Task brief ::
Print the listing in its entirety and exactly, leaving out images.

Input for this task ::
=== Section Start ===

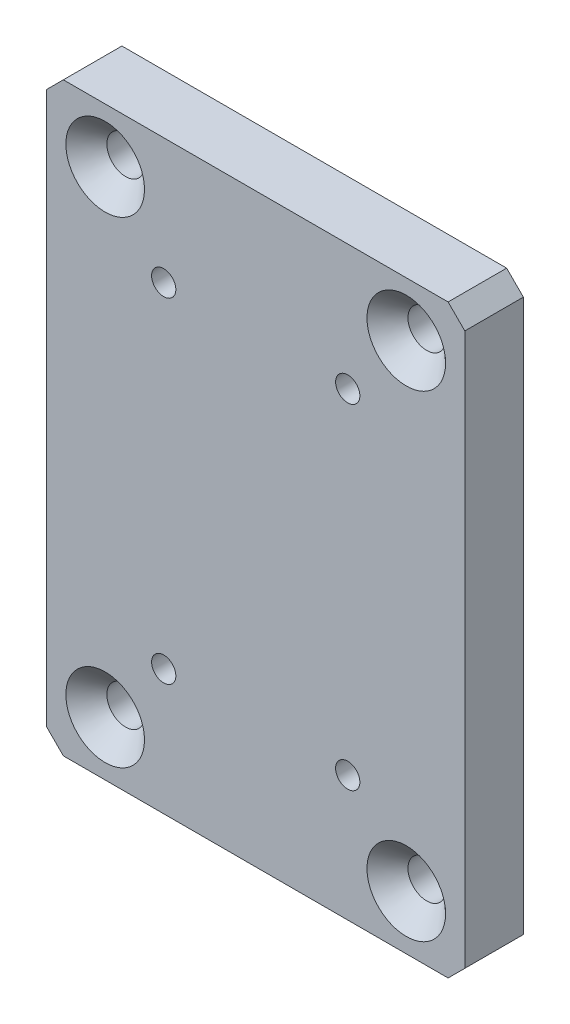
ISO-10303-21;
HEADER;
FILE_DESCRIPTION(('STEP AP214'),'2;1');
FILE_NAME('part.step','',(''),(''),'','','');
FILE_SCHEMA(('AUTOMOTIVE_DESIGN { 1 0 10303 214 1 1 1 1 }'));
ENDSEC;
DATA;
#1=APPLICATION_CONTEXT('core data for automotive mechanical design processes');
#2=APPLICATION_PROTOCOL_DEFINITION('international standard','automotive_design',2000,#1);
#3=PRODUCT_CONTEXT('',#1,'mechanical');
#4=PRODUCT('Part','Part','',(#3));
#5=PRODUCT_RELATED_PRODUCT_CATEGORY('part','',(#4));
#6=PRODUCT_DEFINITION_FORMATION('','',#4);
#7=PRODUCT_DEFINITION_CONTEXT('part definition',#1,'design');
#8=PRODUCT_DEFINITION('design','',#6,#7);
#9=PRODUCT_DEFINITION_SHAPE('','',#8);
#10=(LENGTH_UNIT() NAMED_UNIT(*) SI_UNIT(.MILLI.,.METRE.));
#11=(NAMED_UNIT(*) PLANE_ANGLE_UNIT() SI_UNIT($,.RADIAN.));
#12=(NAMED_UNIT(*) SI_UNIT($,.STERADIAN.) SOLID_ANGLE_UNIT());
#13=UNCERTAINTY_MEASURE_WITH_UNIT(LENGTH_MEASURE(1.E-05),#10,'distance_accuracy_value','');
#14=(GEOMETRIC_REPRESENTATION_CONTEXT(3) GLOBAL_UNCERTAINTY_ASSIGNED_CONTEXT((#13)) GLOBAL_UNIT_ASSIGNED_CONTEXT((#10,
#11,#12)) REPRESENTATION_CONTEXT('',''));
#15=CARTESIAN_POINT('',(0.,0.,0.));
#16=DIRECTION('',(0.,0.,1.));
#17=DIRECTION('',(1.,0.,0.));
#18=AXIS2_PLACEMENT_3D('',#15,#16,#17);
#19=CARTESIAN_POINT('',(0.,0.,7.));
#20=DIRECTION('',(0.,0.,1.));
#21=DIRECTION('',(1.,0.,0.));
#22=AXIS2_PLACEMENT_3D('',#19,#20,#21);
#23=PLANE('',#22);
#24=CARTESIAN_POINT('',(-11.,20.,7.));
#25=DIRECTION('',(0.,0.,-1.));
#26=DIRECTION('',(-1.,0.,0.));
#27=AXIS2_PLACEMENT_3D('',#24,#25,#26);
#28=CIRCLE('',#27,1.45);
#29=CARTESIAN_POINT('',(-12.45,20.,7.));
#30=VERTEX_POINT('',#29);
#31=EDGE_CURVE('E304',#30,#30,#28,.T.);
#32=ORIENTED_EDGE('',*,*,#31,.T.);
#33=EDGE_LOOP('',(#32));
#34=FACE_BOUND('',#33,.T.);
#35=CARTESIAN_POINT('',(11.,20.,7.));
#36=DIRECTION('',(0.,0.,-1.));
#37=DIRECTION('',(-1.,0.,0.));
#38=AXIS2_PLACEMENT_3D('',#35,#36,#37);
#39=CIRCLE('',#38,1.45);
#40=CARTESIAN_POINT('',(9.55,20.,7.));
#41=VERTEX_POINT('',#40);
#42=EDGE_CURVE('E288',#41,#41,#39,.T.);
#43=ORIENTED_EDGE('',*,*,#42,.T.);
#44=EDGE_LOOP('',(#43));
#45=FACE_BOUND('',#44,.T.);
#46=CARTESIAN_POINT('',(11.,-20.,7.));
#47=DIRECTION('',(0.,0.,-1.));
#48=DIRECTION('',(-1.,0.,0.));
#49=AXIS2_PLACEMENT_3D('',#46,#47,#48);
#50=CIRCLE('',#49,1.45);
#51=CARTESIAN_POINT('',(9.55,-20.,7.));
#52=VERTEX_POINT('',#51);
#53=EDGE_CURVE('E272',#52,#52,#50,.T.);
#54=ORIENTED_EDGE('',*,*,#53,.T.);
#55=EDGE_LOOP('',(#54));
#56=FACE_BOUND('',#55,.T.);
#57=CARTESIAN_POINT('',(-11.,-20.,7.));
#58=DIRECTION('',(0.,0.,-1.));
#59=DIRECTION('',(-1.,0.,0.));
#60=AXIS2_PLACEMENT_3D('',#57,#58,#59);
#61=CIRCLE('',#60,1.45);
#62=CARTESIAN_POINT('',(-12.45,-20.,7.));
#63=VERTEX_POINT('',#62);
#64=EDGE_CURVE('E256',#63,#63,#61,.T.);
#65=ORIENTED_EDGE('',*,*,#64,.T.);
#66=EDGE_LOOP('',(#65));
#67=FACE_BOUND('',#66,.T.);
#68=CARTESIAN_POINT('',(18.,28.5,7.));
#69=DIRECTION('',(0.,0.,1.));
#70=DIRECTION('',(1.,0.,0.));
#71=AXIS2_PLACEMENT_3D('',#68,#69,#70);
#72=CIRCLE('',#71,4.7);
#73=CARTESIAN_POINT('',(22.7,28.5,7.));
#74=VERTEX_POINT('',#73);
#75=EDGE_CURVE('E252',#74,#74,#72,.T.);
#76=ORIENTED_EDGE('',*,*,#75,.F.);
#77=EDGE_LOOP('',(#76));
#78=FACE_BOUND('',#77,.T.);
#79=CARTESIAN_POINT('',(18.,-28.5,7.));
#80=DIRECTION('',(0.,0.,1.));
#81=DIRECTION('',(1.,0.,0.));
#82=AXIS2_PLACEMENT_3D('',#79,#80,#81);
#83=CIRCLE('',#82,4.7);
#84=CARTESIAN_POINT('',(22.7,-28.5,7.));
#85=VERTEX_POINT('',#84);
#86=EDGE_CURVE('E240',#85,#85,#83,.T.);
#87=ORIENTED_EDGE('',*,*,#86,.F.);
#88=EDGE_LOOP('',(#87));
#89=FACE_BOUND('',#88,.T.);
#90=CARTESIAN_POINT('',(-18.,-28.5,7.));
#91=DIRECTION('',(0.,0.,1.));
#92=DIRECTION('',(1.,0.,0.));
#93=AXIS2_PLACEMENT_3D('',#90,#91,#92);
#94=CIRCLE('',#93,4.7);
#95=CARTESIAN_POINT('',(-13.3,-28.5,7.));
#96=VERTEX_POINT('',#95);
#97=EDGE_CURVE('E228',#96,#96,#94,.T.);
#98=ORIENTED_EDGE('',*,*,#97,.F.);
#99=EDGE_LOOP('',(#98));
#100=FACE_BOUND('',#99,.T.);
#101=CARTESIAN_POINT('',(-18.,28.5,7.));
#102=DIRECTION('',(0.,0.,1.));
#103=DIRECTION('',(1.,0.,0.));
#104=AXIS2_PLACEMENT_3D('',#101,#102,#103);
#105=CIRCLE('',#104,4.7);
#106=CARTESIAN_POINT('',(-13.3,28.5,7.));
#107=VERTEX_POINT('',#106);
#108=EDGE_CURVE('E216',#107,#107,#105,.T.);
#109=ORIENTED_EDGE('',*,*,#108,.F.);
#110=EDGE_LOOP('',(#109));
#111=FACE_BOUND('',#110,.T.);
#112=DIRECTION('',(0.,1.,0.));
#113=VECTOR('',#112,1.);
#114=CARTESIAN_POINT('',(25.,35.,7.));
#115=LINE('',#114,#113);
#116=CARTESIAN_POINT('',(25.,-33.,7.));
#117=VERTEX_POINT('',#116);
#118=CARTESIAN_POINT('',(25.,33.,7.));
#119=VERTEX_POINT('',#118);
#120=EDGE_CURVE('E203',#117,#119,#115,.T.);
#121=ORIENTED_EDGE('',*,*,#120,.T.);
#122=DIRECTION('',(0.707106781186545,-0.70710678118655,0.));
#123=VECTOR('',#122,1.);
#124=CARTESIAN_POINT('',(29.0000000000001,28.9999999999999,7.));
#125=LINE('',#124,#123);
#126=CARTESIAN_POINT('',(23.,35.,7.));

=== Section End ===

Task solution ::
ISO-10303-21;
HEADER;
FILE_DESCRIPTION(('STEP AP214'),'2;1');
FILE_NAME('part.step','',(''),(''),'','','');
FILE_SCHEMA(('AUTOMOTIVE_DESIGN { 1 0 10303 214 1 1 1 1 }'));
ENDSEC;
DATA;
#1=APPLICATION_CONTEXT('core data for automotive mechanical design processes');
#2=APPLICATION_PROTOCOL_DEFINITION('international standard','automotive_design',2000,#1);
#3=PRODUCT_CONTEXT('',#1,'mechanical');
#4=PRODUCT('Part','Part','',(#3));
#5=PRODUCT_RELATED_PRODUCT_CATEGORY('part','',(#4));
#6=PRODUCT_DEFINITION_FORMATION('','',#4);
#7=PRODUCT_DEFINITION_CONTEXT('part definition',#1,'design');
#8=PRODUCT_DEFINITION('design','',#6,#7);
#9=PRODUCT_DEFINITION_SHAPE('','',#8);
#10=(LENGTH_UNIT() NAMED_UNIT(*) SI_UNIT(.MILLI.,.METRE.));
#11=(NAMED_UNIT(*) PLANE_ANGLE_UNIT() SI_UNIT($,.RADIAN.));
#12=(NAMED_UNIT(*) SI_UNIT($,.STERADIAN.) SOLID_ANGLE_UNIT());
#13=UNCERTAINTY_MEASURE_WITH_UNIT(LENGTH_MEASURE(1.E-05),#10,'distance_accuracy_value','');
#14=(GEOMETRIC_REPRESENTATION_CONTEXT(3) GLOBAL_UNCERTAINTY_ASSIGNED_CONTEXT((#13)) GLOBAL_UNIT_ASSIGNED_CONTEXT((#10,
#11,#12)) REPRESENTATION_CONTEXT('',''));
#15=CARTESIAN_POINT('',(0.,0.,0.));
#16=DIRECTION('',(0.,0.,1.));
#17=DIRECTION('',(1.,0.,0.));
#18=AXIS2_PLACEMENT_3D('',#15,#16,#17);
#19=CARTESIAN_POINT('',(0.,0.,7.));
#20=DIRECTION('',(0.,0.,1.));
#21=DIRECTION('',(1.,0.,0.));
#22=AXIS2_PLACEMENT_3D('',#19,#20,#21);
#23=PLANE('',#22);
#24=CARTESIAN_POINT('',(-11.,20.,7.));
#25=DIRECTION('',(0.,0.,-1.));
#26=DIRECTION('',(-1.,0.,0.));
#27=AXIS2_PLACEMENT_3D('',#24,#25,#26);
#28=CIRCLE('',#27,1.45);
#29=CARTESIAN_POINT('',(-12.45,20.,7.));
#30=VERTEX_POINT('',#29);
#31=EDGE_CURVE('E304',#30,#30,#28,.T.);
#32=ORIENTED_EDGE('',*,*,#31,.T.);
#33=EDGE_LOOP('',(#32));
#34=FACE_BOUND('',#33,.T.);
#35=CARTESIAN_POINT('',(11.,20.,7.));
#36=DIRECTION('',(0.,0.,-1.));
#37=DIRECTION('',(-1.,0.,0.));
#38=AXIS2_PLACEMENT_3D('',#35,#36,#37);
#39=CIRCLE('',#38,1.45);
#40=CARTESIAN_POINT('',(9.55,20.,7.));
#41=VERTEX_POINT('',#40);
#42=EDGE_CURVE('E288',#41,#41,#39,.T.);
#43=ORIENTED_EDGE('',*,*,#42,.T.);
#44=EDGE_LOOP('',(#43));
#45=FACE_BOUND('',#44,.T.);
#46=CARTESIAN_POINT('',(11.,-20.,7.));
#47=DIRECTION('',(0.,0.,-1.));
#48=DIRECTION('',(-1.,0.,0.));
#49=AXIS2_PLACEMENT_3D('',#46,#47,#48);
#50=CIRCLE('',#49,1.45);
#51=CARTESIAN_POINT('',(9.55,-20.,7.));
#52=VERTEX_POINT('',#51);
#53=EDGE_CURVE('E272',#52,#52,#50,.T.);
#54=ORIENTED_EDGE('',*,*,#53,.T.);
#55=EDGE_LOOP('',(#54));
#56=FACE_BOUND('',#55,.T.);
#57=CARTESIAN_POINT('',(-11.,-20.,7.));
#58=DIRECTION('',(0.,0.,-1.));
#59=DIRECTION('',(-1.,0.,0.));
#60=AXIS2_PLACEMENT_3D('',#57,#58,#59);
#61=CIRCLE('',#60,1.45);
#62=CARTESIAN_POINT('',(-12.45,-20.,7.));
#63=VERTEX_POINT('',#62);
#64=EDGE_CURVE('E256',#63,#63,#61,.T.);
#65=ORIENTED_EDGE('',*,*,#64,.T.);
#66=EDGE_LOOP('',(#65));
#67=FACE_BOUND('',#66,.T.);
#68=CARTESIAN_POINT('',(18.,28.5,7.));
#69=DIRECTION('',(0.,0.,1.));
#70=DIRECTION('',(1.,0.,0.));
#71=AXIS2_PLACEMENT_3D('',#68,#69,#70);
#72=CIRCLE('',#71,4.7);
#73=CARTESIAN_POINT('',(22.7,28.5,7.));
#74=VERTEX_POINT('',#73);
#75=EDGE_CURVE('E252',#74,#74,#72,.T.);
#76=ORIENTED_EDGE('',*,*,#75,.F.);
#77=EDGE_LOOP('',(#76));
#78=FACE_BOUND('',#77,.T.);
#79=CARTESIAN_POINT('',(18.,-28.5,7.));
#80=DIRECTION('',(0.,0.,1.));
#81=DIRECTION('',(1.,0.,0.));
#82=AXIS2_PLACEMENT_3D('',#79,#80,#81);
#83=CIRCLE('',#82,4.7);
#84=CARTESIAN_POINT('',(22.7,-28.5,7.));
#85=VERTEX_POINT('',#84);
#86=EDGE_CURVE('E240',#85,#85,#83,.T.);
#87=ORIENTED_EDGE('',*,*,#86,.F.);
#88=EDGE_LOOP('',(#87));
#89=FACE_BOUND('',#88,.T.);
#90=CARTESIAN_POINT('',(-18.,-28.5,7.));
#91=DIRECTION('',(0.,0.,1.));
#92=DIRECTION('',(1.,0.,0.));
#93=AXIS2_PLACEMENT_3D('',#90,#91,#92);
#94=CIRCLE('',#93,4.7);
#95=CARTESIAN_POINT('',(-13.3,-28.5,7.));
#96=VERTEX_POINT('',#95);
#97=EDGE_CURVE('E228',#96,#96,#94,.T.);
#98=ORIENTED_EDGE('',*,*,#97,.F.);
#99=EDGE_LOOP('',(#98));
#100=FACE_BOUND('',#99,.T.);
#101=CARTESIAN_POINT('',(-18.,28.5,7.));
#102=DIRECTION('',(0.,0.,1.));
#103=DIRECTION('',(1.,0.,0.));
#104=AXIS2_PLACEMENT_3D('',#101,#102,#103);
#105=CIRCLE('',#104,4.7);
#106=CARTESIAN_POINT('',(-13.3,28.5,7.));
#107=VERTEX_POINT('',#106);
#108=EDGE_CURVE('E216',#107,#107,#105,.T.);
#109=ORIENTED_EDGE('',*,*,#108,.F.);
#110=EDGE_LOOP('',(#109));
#111=FACE_BOUND('',#110,.T.);
#112=DIRECTION('',(0.,1.,0.));
#113=VECTOR('',#112,1.);
#114=CARTESIAN_POINT('',(25.,35.,7.));
#115=LINE('',#114,#113);
#116=CARTESIAN_POINT('',(25.,-33.,7.));
#117=VERTEX_POINT('',#116);
#118=CARTESIAN_POINT('',(25.,33.,7.));
#119=VERTEX_POINT('',#118);
#120=EDGE_CURVE('E203',#117,#119,#115,.T.);
#121=ORIENTED_EDGE('',*,*,#120,.T.);
#122=DIRECTION('',(0.707106781186545,-0.70710678118655,0.));
#123=VECTOR('',#122,1.);
#124=CARTESIAN_POINT('',(29.0000000000001,28.9999999999999,7.));
#125=LINE('',#124,#123);
#126=CARTESIAN_POINT('',(23.,35.,7.));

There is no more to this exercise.